Although the data we manipulated and analyzed let us create efficient visuals and tables, we know that with more data we would be able to provide more accurate and in depth analysis of our machine learning methods. Due to our initial difficulties retrieving and manipulating the data, we were only able to use the last 10 players to win the Most Improved Player Award to create our project. With more time, a larger more comprehensive data set, and a better understanding of the hoopR package, we believe that we would’ve included more data to support our analysis and findings. A key part of our project that took the hardest hit from the lack of data was our machine learning methods. For our classification tree, we only had 20 points of data to classify, where the average points alone correctly classified 95% of the options. While this could be the case if we added more data, we believe that with a larger sample we would’ve been able to go more in depth. This problem was also relevant when looking at our Linear Regression, due to the small sample size we weren’t able to create a linear model appropriate for predicting a players average points based on other non-point related variables (free throw, three, and field goal %) and find a reliable correlation between the variables.

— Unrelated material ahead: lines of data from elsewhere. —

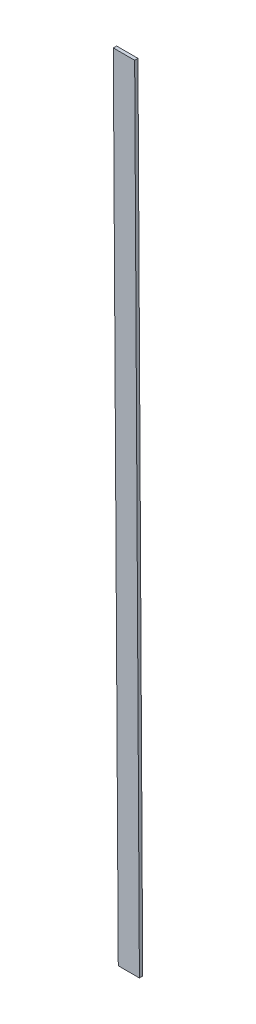
SolidWorks part; units mm, degrees
material "Balsa"
ref_plane "Front Plane" through (0, 0, 0) normal (0, 0, 1) x (1, 0, 0)
ref_plane "Top Plane" through (0, 0, 0) normal (0, 1, 0) x (1, 0, 0)
ref_plane "Right Plane" through (0, 0, 0) normal (1, 0, 0) x (0, 0, -1)
sketch "Sketch1" plane through (0, 0, 0) normal (0, 0, 1) x (1, 0, 0)
  line L0 (50.1892, -88.3495) -> (60.3492, -88.3495)
  line L1 (60.3492, -88.3495) -> (58.0702, 292.6609)
  line L2 (58.0702, 292.6609) -> (47.7983, 292.6609)
  line L3 (47.7983, 292.6609) -> (50.1892, -88.3495)
extrude "Boss-Extrude1" add sketch "Sketch1" along normal blind 1.5875

In the future, the primary thing we would recommend would be to use all of the NBA MIP Award Winners, this would allow for a much more comprehensive analysis, and would allow us to see the trends in the MIP Award Winners over the years. Next, we would first recommend to find a fully comprehensive data set that includes if a player has won MIP. Doing this would save a significant amount of time and computing power, since we had to create our own vectors with the player name and year they won to help identify if a player has won the MIP and in what season they did it. Finally, if possible, a data set with summarized values would save a lot of time and computing power, since we spent most of the first part of the project trying to make a viable data source using the dplyr verb summarize.